Re: [git pull] first batch of ufs fixes

From: Richard Narron
Date: Fri Jun 16 2017 - 10:29:10 EST

On Thu, 15 Jun 2017, Al Viro wrote:

On Wed, Jun 14, 2017 at 08:11:33AM +0100, Al Viro wrote:
FWIW, it seems to work here. Said that, *BSD fsck_ffs is not worth much -
play a bit with redundancy in UFS superblock (starting with fragment
and block sizes, their ratio, logarithms, bitmasks, etc.) and you can
screw at least 10.3 into the ground when mounting an image that passes
their fsck. Sure, anyone who mounts untrusted images is a cretin who
deserves everything they get, fsck or no fsck, but... no complaints from
fsck is not a reliable indicator of image being in good condition and
that's PITA for testing.

Another pile of fun: "reserve ->s_minfree percents of total" logics had
been broken.
* using hardwired 5% is wrong - especially for ufs2, where it's
not even the default
* ufs_freespace() returns u64; testing for <= 0 is not doing the
right thing
* no capability checks before we need them, TYVM...
* ufs2 needs 64bit uspi->s_dsize (and ->s_size, while we are at it).
64bit variants were even calculated - and never used.
* while we are at it, doing "multiply the total data frags by
s_minfree and divide by 100" every time we allocate a block is bloody
dumb - that should be calculated once.

We really need to get the sodding tail unpacking moved up from the place
where it's buried - turns out that my doubts about that code managing to
avoid deadlocks had been correct. Long-term we need to move that thing
to iomap-based ->write_iter() and do unpacking there and in truncate().
For now I've slapped together something that is easier to backport -
avoiding ->truncate_mutex when possible and not holding ->s_lock over

Another bug in the same area: ufs_get_locked_page() doesn't guarantee
that buffer_heads are attached (race with vmscan trying to evict the
page in question can end with buffer_heads freed and page left alive
and uptodate). Callers do expect buffer_heads to be there, so we either
need to do create_empty_buffers() in those callers or in ufs_get_locked_page();
I went for the latter for now.

Off-by-one in ufs_truncate_blocks(): the logics when deciding whether
we need to do anything with direct blocks is broken when new size is
within the last direct block. It's better to find the path to the
last byte _not_ to be removed and use that instead of the path to the
beginning of the first block to be freed.
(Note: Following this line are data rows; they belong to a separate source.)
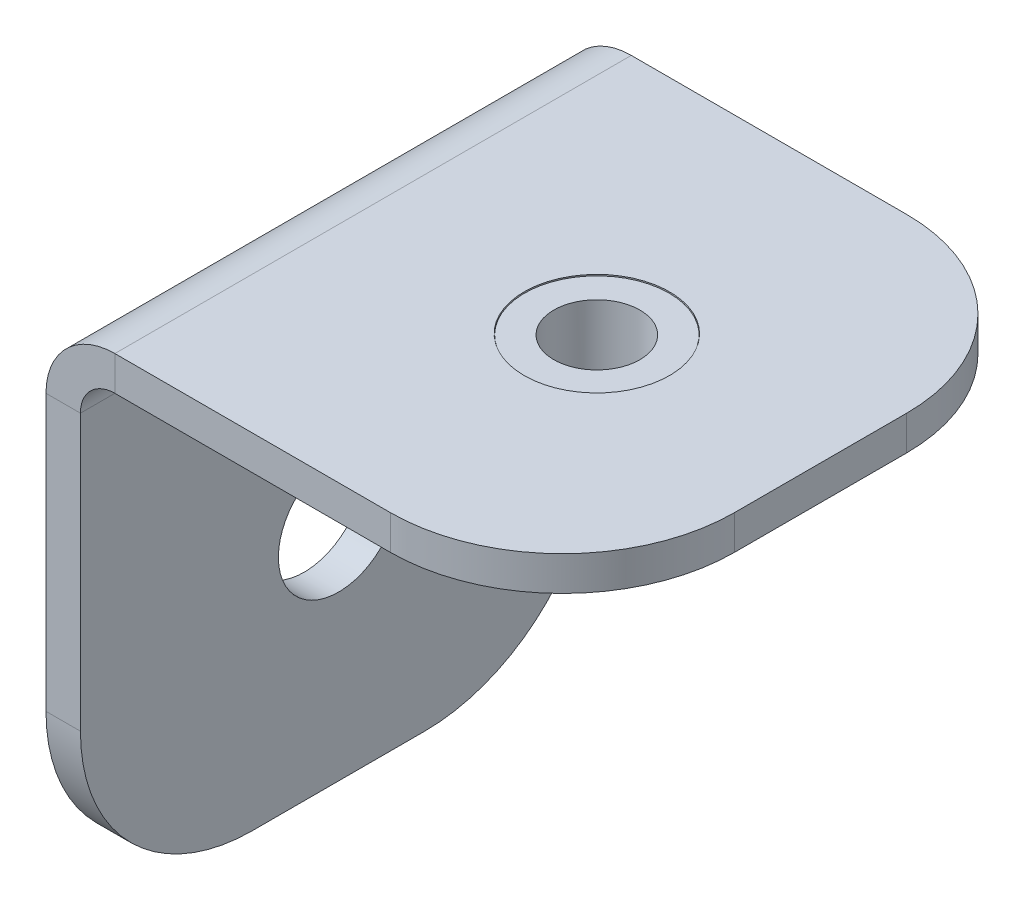
ISO-10303-21;
HEADER;
FILE_DESCRIPTION(('STEP AP214'),'2;1');
FILE_NAME('part.step','',(''),(''),'','','');
FILE_SCHEMA(('AUTOMOTIVE_DESIGN { 1 0 10303 214 1 1 1 1 }'));
ENDSEC;
DATA;
#1=APPLICATION_CONTEXT('core data for automotive mechanical design processes');
#2=APPLICATION_PROTOCOL_DEFINITION('international standard','automotive_design',2000,#1);
#3=PRODUCT_CONTEXT('',#1,'mechanical');
#4=PRODUCT('Part','Part','',(#3));
#5=PRODUCT_RELATED_PRODUCT_CATEGORY('part','',(#4));
#6=PRODUCT_DEFINITION_FORMATION('','',#4);
#7=PRODUCT_DEFINITION_CONTEXT('part definition',#1,'design');
#8=PRODUCT_DEFINITION('design','',#6,#7);
#9=PRODUCT_DEFINITION_SHAPE('','',#8);
#10=(LENGTH_UNIT() NAMED_UNIT(*) SI_UNIT(.MILLI.,.METRE.));
#11=(NAMED_UNIT(*) PLANE_ANGLE_UNIT() SI_UNIT($,.RADIAN.));
#12=(NAMED_UNIT(*) SI_UNIT($,.STERADIAN.) SOLID_ANGLE_UNIT());
#13=UNCERTAINTY_MEASURE_WITH_UNIT(LENGTH_MEASURE(1.E-05),#10,'distance_accuracy_value','');
#14=(GEOMETRIC_REPRESENTATION_CONTEXT(3) GLOBAL_UNCERTAINTY_ASSIGNED_CONTEXT((#13)) GLOBAL_UNIT_ASSIGNED_CONTEXT((#10,
#11,#12)) REPRESENTATION_CONTEXT('',''));
#15=CARTESIAN_POINT('',(0.,0.,0.));
#16=DIRECTION('',(0.,0.,1.));
#17=DIRECTION('',(1.,0.,0.));
#18=AXIS2_PLACEMENT_3D('',#15,#16,#17);
#19=CARTESIAN_POINT('',(8.5,12.5,7.5));
#20=DIRECTION('',(0.,1.,0.));
#21=DIRECTION('',(0.837169104331222,0.,0.546944138603989));
#22=AXIS2_PLACEMENT_3D('',#19,#20,#21);
#23=PLANE('',#22);
#24=CARTESIAN_POINT('',(8.5,12.5,7.5));
#25=DIRECTION('',(0.,-1.,0.));
#26=DIRECTION('',(0.546944138603989,0.,-0.837169104331222));
#27=AXIS2_PLACEMENT_3D('',#24,#25,#26);
#28=CIRCLE('',#27,1.24999999999999);
#29=CARTESIAN_POINT('',(9.18368017325498,12.5,6.45353861958598));
#30=VERTEX_POINT('',#29);
#31=EDGE_CURVE('E69',#30,#30,#28,.T.);
#32=ORIENTED_EDGE('',*,*,#31,.F.);
#33=EDGE_LOOP('',(#32));
#34=FACE_BOUND('',#33,.T.);
#35=CARTESIAN_POINT('',(8.5,12.5,7.5));
#36=DIRECTION('',(0.,-1.,0.));
#37=DIRECTION('',(-0.837169104331222,0.,-0.546944138603989));
#38=AXIS2_PLACEMENT_3D('',#35,#36,#37);
#39=CIRCLE('',#38,3.15);
#40=CARTESIAN_POINT('',(5.86291732135665,12.5,5.77712596339744));
#41=VERTEX_POINT('',#40);
#42=EDGE_CURVE('E11',#41,#41,#39,.T.);
#43=ORIENTED_EDGE('',*,*,#42,.T.);
#44=EDGE_LOOP('',(#43));
#45=FACE_BOUND('',#44,.T.);
#46=ADVANCED_FACE('F47',(#34,#45),#23,.F.);
#47=CARTESIAN_POINT('',(8.5,12.5,7.5));
#48=DIRECTION('',(0.,-1.,0.));
#49=DIRECTION('',(-0.837169104331222,0.,-0.546944138603989));
#50=AXIS2_PLACEMENT_3D('',#47,#48,#49);
#51=CYLINDRICAL_SURFACE('',#50,3.15);
#52=ORIENTED_EDGE('',*,*,#42,.F.);
#53=EDGE_LOOP('',(#52));
#54=FACE_BOUND('',#53,.T.);
#55=CARTESIAN_POINT('',(8.5,14.,7.5));
#56=DIRECTION('',(0.,-1.,0.));
#57=DIRECTION('',(-0.837169104331222,0.,-0.546944138603989));
#58=AXIS2_PLACEMENT_3D('',#55,#56,#57);
#59=CIRCLE('',#58,3.15);
#60=CARTESIAN_POINT('',(5.86291732135665,14.,5.77712596339744));
#61=VERTEX_POINT('',#60);
#62=EDGE_CURVE('E53',#61,#61,#59,.T.);
#63=ORIENTED_EDGE('',*,*,#62,.T.);
#64=EDGE_LOOP('',(#63));
#65=FACE_BOUND('',#64,.T.);
#66=ADVANCED_FACE('F77',(#54,#65),#51,.T.);
#67=CARTESIAN_POINT('',(11.1370826786433,14.,9.22287403660256));
#68=DIRECTION('',(0.,-1.,0.));
#69=DIRECTION('',(-0.837169104331222,0.,-0.546944138603989));
#70=AXIS2_PLACEMENT_3D('',#67,#68,#69);
#71=PLANE('',#70);
#72=ORIENTED_EDGE('',*,*,#62,.F.);
#73=EDGE_LOOP('',(#72));
#74=FACE_BOUND('',#73,.T.);
#75=CARTESIAN_POINT('',(8.5,14.,7.5));
#76=DIRECTION('',(0.,-1.,0.));
#77=DIRECTION('',(-0.837169104331222,0.,-0.546944138603989));
#78=AXIS2_PLACEMENT_3D('',#75,#76,#77);
#79=CIRCLE('',#78,2.1);
#80=CARTESIAN_POINT('',(6.74194488090443,14.,6.35141730893162));
#81=VERTEX_POINT('',#80);
#82=EDGE_CURVE('E57',#81,#81,#79,.T.);
#83=ORIENTED_EDGE('',*,*,#82,.T.);
#84=EDGE_LOOP('',(#83));
#85=FACE_BOUND('',#84,.T.);
#86=ADVANCED_FACE('F81',(#74,#85),#71,.F.);
#87=CARTESIAN_POINT('',(8.5,12.5,7.5));
#88=DIRECTION('',(0.,-1.,0.));
#89=DIRECTION('',(-0.837169104331222,0.,-0.546944138603989));
#90=AXIS2_PLACEMENT_3D('',#87,#88,#89);
#91=CYLINDRICAL_SURFACE('',#90,2.1);
#92=ORIENTED_EDGE('',*,*,#82,.F.);
#93=EDGE_LOOP('',(#92));
#94=FACE_BOUND('',#93,.T.);
#95=CARTESIAN_POINT('',(8.5,14.97,7.5));
#96=DIRECTION('',(0.,-1.,0.));
#97=DIRECTION('',(-0.837169104331222,0.,-0.546944138603989));
#98=AXIS2_PLACEMENT_3D('',#95,#96,#97);
#99=CIRCLE('',#98,2.1);
#100=CARTESIAN_POINT('',(6.74194488090443,14.97,6.35141730893162));
#101=VERTEX_POINT('',#100);
#102=EDGE_CURVE('E61',#101,#101,#99,.T.);
#103=ORIENTED_EDGE('',*,*,#102,.T.);
#104=EDGE_LOOP('',(#103));
#105=FACE_BOUND('',#104,.T.);
#106=ADVANCED_FACE('F86',(#94,#105),#91,.T.);
#107=CARTESIAN_POINT('',(10.2580551190956,14.97,8.64858269106838));
#108=DIRECTION('',(0.,-1.,0.));
#109=DIRECTION('',(-0.837169104331222,0.,-0.546944138603989));
#110=AXIS2_PLACEMENT_3D('',#107,#108,#109);
#111=PLANE('',#110);
#112=CARTESIAN_POINT('',(8.5,14.97,7.5));
#113=DIRECTION('',(0.,-1.,0.));
#114=DIRECTION('',(-0.837169104331222,0.,-0.546944138603989));
#115=AXIS2_PLACEMENT_3D('',#112,#113,#114);
#116=CIRCLE('',#115,1.24999999999999);
#117=CARTESIAN_POINT('',(7.45353861958598,14.97,6.81631982674502));
#118=VERTEX_POINT('',#117);
#119=EDGE_CURVE('E66',#118,#118,#116,.T.);
#120=ORIENTED_EDGE('',*,*,#119,.T.);
#121=EDGE_LOOP('',(#120));
#122=FACE_BOUND('',#121,.T.);
#123=ORIENTED_EDGE('',*,*,#102,.F.);
#124=EDGE_LOOP('',(#123));
#125=FACE_BOUND('',#124,.T.);
#126=ADVANCED_FACE('F92',(#122,#125),#111,.F.);
#127=CARTESIAN_POINT('',(8.5,12.5,7.5));
#128=DIRECTION('',(0.,-1.,0.));
#129=DIRECTION('',(0.546944138603989,0.,-0.837169104331222));
#130=AXIS2_PLACEMENT_3D('',#127,#128,#129);
#131=CYLINDRICAL_SURFACE('',#130,1.24999999999999);
#132=ORIENTED_EDGE('',*,*,#31,.T.);
#133=EDGE_LOOP('',(#132));
#134=FACE_BOUND('',#133,.T.);
#135=ORIENTED_EDGE('',*,*,#119,.F.);
#136=EDGE_LOOP('',(#135));
#137=FACE_BOUND('',#136,.T.);
#138=ADVANCED_FACE('F73',(#134,#137),#131,.F.);
#139=CLOSED_SHELL('',(#46,#66,#86,#106,#126,#138));
#140=MANIFOLD_SOLID_BREP('B2',#139);
#141=CARTESIAN_POINT('',(2.,15.,15.));
#142=DIRECTION('',(0.,0.,1.));
#143=DIRECTION('',(1.,0.,0.));
#144=AXIS2_PLACEMENT_3D('',#141,#142,#143);
#145=PLANE('',#144);
#146=DIRECTION('',(0.,-1.,0.));
#147=VECTOR('',#146,1.);
#148=CARTESIAN_POINT('',(2.,15.,15.));
#149=LINE('',#148,#147);
#150=CARTESIAN_POINT('',(2.,15.,15.));
#151=VERTEX_POINT('',#150);
#152=CARTESIAN_POINT('',(2.,14.,15.));
#153=VERTEX_POINT('',#152);
#154=EDGE_CURVE('E243',#151,#153,#149,.T.);
#155=ORIENTED_EDGE('',*,*,#154,.F.);
#156=CARTESIAN_POINT('',(2.,13.,15.));
#157=DIRECTION('',(0.,0.,1.));
#158=DIRECTION('',(1.,0.,0.));
#159=AXIS2_PLACEMENT_3D('',#156,#157,#158);
#160=CIRCLE('',#159,2.);
#161=CARTESIAN_POINT('',(0.,13.,15.));
#162=VERTEX_POINT('',#161);
#163=EDGE_CURVE('E247',#162,#151,#160,.F.);
#164=ORIENTED_EDGE('',*,*,#163,.F.);
#165=DIRECTION('',(-1.,0.,0.));
#166=VECTOR('',#165,1.);
#167=CARTESIAN_POINT('',(1.,13.,15.));
#168=LINE('',#167,#166);
#169=CARTESIAN_POINT('',(1.,13.,15.));
#170=VERTEX_POINT('',#169);
#171=EDGE_CURVE('E252',#170,#162,#168,.T.);
#172=ORIENTED_EDGE('',*,*,#171,.F.);
#173=CARTESIAN_POINT('',(2.,13.,15.));
#174=DIRECTION('',(0.,0.,1.));
#175=DIRECTION('',(1.,0.,0.));
#176=AXIS2_PLACEMENT_3D('',#173,#174,#175);
#177=CIRCLE('',#176,1.);
#178=EDGE_CURVE('E249',#170,#153,#177,.F.);
#179=ORIENTED_EDGE('',*,*,#178,.T.);
#180=EDGE_LOOP('',(#155,#164,#172,#179));
#181=FACE_BOUND('',#180,.T.);
#182=ADVANCED_FACE('F150',(#181),#145,.T.);
#183=CARTESIAN_POINT('',(1.,13.,15.));
#184=DIRECTION('',(0.,0.,1.));
#185=DIRECTION('',(1.,0.,0.));
#186=AXIS2_PLACEMENT_3D('',#183,#184,#185);
#187=PLANE('',#186);
#188=DIRECTION('',(1.,0.,0.));
#189=VECTOR('',#188,1.);
#190=CARTESIAN_POINT('',(0.,14.,15.));
#191=LINE('',#190,#189);
#192=CARTESIAN_POINT('',(10.,14.,15.));
#193=VERTEX_POINT('',#192);
#194=EDGE_CURVE('E267',#153,#193,#191,.T.);
#195=ORIENTED_EDGE('',*,*,#194,.T.);
#196=DIRECTION('',(0.,-1.,0.));
#197=VECTOR('',#196,1.);
#198=CARTESIAN_POINT('',(10.,13.,15.));
#199=LINE('',#198,#197);
#200=CARTESIAN_POINT('',(10.,15.,15.));
#201=VERTEX_POINT('',#200);
#202=EDGE_CURVE('E173',#193,#201,#199,.F.);
#203=ORIENTED_EDGE('',*,*,#202,.T.);
#204=DIRECTION('',(1.,0.,0.));
#205=VECTOR('',#204,1.);
#206=CARTESIAN_POINT('',(0.,15.,15.));
#207=LINE('',#206,#205);
#208=EDGE_CURVE('E257',#151,#201,#207,.T.);
#209=ORIENTED_EDGE('',*,*,#208,.F.);
#210=ORIENTED_EDGE('',*,*,#154,.T.);
#211=EDGE_LOOP('',(#195,#203,#209,#210));
#212=FACE_BOUND('',#211,.T.);
#213=ADVANCED_FACE('F266',(#212),#187,.T.);
#214=CARTESIAN_POINT('',(0.,13.,0.));
#215=DIRECTION('',(0.,0.,-1.));
#216=DIRECTION('',(-1.,0.,0.));
#217=AXIS2_PLACEMENT_3D('',#214,#215,#216);
#218=PLANE('',#217);
#219=DIRECTION('',(1.,0.,0.));
#220=VECTOR('',#219,1.);
#221=CARTESIAN_POINT('',(0.,13.,0.));
#222=LINE('',#221,#220);
#223=CARTESIAN_POINT('',(0.,13.,0.));
#224=VERTEX_POINT('',#223);
#225=CARTESIAN_POINT('',(1.,13.,0.));
#226=VERTEX_POINT('',#225);
#227=EDGE_CURVE('E313',#224,#226,#222,.T.);
#228=ORIENTED_EDGE('',*,*,#227,.F.);
#229=CARTESIAN_POINT('',(2.,13.,0.));
#230=DIRECTION('',(0.,0.,1.));
#231=DIRECTION('',(1.,0.,0.));
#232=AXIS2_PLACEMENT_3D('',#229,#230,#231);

I've pushed fixes for those into vfs.git#ufs-fixes; they do need more
testing before I send a pull request, though.

The 8 patches in the ufs-fixes group were applied to Linux 4.12-rc5.
They seem to work fine with the simple testing that I do.

I tested all 3 BSDs, FreeBSD 11.0, OpenBSD 6.1 and NetBSD 7.1 using 2 filesystems, 44bsd (ufs1) and ufs2.
I found no errors doing a Linux mkdir, copy large file, BSD fsck, Linux rm large file, rmdir and BSD fsck in any of the 6 combinations.

Doing a "df" on BSD and Linux now match on the counts including the "Available" counts.

It might be worth testing with ufs filesystems using softdep and/or journaling. Should the Linux mount command reject such filesystems?

Now that ufs write access is working more or less, we're dangerous.